* Problem description:
Where a line below holds the string "edge", copy that line.

[Task material]

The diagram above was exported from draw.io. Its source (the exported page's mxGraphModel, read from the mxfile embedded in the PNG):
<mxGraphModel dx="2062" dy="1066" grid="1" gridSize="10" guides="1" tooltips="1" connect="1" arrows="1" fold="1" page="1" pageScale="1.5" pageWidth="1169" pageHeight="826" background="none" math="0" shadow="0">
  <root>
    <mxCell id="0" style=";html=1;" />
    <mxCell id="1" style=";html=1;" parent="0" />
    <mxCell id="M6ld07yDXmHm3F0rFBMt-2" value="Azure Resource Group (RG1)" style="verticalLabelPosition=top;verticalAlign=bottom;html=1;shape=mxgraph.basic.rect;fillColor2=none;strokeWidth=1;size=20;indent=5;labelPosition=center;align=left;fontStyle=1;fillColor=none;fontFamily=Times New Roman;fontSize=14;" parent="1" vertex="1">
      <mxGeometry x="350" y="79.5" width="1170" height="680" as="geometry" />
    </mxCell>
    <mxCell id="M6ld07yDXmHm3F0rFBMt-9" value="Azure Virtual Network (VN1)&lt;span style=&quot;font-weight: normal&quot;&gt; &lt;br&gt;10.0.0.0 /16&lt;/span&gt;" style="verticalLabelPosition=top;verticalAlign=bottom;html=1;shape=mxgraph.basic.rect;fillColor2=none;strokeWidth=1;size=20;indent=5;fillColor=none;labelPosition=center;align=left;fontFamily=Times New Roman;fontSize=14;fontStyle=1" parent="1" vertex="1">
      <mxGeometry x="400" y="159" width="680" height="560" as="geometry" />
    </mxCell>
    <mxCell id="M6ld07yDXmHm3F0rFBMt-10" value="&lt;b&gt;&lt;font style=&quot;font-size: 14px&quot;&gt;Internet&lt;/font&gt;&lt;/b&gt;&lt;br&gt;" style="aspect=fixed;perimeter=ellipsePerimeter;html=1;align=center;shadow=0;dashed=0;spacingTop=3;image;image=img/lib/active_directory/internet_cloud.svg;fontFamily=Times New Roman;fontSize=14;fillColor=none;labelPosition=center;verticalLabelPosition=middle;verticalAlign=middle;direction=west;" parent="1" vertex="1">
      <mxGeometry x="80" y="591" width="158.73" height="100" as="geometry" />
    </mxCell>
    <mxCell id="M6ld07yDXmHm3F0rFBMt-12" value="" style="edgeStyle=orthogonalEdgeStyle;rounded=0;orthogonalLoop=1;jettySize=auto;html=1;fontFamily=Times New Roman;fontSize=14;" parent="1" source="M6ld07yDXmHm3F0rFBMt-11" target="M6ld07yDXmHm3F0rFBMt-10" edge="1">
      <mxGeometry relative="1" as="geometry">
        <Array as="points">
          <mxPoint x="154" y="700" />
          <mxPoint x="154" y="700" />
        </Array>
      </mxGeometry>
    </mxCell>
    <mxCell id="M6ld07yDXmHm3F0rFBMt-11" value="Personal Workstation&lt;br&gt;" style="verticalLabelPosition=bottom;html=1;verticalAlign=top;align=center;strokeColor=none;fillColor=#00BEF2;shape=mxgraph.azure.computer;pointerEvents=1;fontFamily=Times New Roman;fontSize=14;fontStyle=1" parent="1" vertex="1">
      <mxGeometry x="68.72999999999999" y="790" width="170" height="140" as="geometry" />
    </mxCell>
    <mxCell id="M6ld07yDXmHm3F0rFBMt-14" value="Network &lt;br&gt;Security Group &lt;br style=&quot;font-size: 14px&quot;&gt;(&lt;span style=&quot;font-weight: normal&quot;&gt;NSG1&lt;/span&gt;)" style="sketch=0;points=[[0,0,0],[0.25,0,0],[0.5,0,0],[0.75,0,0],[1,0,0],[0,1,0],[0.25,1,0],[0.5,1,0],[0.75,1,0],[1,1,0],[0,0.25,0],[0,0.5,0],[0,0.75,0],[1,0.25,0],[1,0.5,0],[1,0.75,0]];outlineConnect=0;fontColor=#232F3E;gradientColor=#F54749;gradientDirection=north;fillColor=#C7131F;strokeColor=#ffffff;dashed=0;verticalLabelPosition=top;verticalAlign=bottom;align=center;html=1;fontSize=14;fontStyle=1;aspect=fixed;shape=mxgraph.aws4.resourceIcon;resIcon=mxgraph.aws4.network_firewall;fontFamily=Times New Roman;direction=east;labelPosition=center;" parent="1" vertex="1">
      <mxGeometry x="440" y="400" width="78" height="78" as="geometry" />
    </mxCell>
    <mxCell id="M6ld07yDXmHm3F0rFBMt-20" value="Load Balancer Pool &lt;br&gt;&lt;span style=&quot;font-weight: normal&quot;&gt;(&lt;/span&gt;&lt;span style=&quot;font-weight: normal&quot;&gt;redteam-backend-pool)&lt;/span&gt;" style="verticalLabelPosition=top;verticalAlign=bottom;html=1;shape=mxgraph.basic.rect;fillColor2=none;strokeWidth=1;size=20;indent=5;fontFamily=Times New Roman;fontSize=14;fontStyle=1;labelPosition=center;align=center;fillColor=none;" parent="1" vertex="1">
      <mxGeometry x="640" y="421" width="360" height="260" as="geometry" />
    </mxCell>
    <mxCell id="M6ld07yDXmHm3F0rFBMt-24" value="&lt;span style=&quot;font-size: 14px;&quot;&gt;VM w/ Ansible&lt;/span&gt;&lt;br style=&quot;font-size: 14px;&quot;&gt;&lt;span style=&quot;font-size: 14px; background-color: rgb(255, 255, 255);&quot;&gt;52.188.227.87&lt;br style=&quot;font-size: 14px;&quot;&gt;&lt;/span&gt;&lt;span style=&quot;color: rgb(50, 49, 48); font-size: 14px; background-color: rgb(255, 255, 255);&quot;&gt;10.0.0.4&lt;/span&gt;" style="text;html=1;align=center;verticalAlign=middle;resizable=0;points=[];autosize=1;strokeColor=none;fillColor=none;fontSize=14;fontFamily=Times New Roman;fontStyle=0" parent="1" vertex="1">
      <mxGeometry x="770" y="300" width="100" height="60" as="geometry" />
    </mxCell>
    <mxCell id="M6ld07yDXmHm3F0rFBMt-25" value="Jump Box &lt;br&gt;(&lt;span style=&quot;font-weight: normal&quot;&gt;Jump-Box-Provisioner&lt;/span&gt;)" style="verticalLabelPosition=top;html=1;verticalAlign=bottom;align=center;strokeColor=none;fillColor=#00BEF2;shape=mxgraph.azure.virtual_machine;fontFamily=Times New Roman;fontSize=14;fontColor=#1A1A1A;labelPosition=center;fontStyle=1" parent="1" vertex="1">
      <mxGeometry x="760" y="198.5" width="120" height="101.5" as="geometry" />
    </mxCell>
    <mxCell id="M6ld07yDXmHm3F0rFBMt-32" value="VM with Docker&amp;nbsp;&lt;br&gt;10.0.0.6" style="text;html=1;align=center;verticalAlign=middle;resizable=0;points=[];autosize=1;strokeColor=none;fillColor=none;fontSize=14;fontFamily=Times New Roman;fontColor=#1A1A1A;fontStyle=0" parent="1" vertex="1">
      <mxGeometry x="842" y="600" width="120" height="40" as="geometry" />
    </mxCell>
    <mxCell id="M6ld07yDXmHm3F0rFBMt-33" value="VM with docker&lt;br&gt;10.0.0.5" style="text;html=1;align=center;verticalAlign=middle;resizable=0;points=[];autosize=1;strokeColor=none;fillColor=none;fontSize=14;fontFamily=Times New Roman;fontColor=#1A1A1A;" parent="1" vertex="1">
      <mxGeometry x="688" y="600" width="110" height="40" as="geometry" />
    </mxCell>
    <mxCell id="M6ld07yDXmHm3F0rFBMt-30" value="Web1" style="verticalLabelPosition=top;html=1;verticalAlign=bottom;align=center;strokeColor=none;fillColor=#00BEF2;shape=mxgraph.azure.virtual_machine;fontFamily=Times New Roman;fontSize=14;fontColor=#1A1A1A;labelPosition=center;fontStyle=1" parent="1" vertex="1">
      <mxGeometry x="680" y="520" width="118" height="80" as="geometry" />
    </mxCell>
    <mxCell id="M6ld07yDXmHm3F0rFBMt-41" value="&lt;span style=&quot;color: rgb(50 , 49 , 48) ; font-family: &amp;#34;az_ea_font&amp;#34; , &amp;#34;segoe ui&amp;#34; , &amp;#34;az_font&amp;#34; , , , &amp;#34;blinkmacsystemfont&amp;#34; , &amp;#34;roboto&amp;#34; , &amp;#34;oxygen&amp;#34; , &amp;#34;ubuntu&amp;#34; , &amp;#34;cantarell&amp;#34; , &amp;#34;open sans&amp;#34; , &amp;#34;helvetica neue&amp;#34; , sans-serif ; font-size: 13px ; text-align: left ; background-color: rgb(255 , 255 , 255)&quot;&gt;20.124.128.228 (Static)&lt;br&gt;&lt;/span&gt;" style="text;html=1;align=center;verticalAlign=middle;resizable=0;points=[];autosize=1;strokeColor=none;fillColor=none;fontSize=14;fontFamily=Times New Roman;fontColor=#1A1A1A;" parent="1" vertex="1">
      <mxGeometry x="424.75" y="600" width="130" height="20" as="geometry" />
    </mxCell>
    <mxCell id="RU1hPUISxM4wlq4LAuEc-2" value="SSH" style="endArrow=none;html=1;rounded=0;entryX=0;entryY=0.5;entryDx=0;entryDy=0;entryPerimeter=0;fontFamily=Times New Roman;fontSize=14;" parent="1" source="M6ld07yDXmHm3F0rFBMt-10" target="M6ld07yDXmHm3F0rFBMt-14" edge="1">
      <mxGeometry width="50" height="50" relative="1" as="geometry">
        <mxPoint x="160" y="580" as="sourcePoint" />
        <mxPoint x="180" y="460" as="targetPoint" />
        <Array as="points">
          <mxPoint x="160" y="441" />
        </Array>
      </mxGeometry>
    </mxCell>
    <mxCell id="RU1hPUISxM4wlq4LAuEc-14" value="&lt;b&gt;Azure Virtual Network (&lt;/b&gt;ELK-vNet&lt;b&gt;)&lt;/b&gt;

[/Task material]

* Written solution:
    <mxCell id="M6ld07yDXmHm3F0rFBMt-12" value="" style="edgeStyle=orthogonalEdgeStyle;rounded=0;orthogonalLoop=1;jettySize=auto;html=1;fontFamily=Times New Roman;fontSize=14;" parent="1" source="M6ld07yDXmHm3F0rFBMt-11" target="M6ld07yDXmHm3F0rFBMt-10" edge="1">
    <mxCell id="RU1hPUISxM4wlq4LAuEc-2" value="SSH" style="endArrow=none;html=1;rounded=0;entryX=0;entryY=0.5;entryDx=0;entryDy=0;entryPerimeter=0;fontFamily=Times New Roman;fontSize=14;" parent="1" source="M6ld07yDXmHm3F0rFBMt-10" target="M6ld07yDXmHm3F0rFBMt-14" edge="1">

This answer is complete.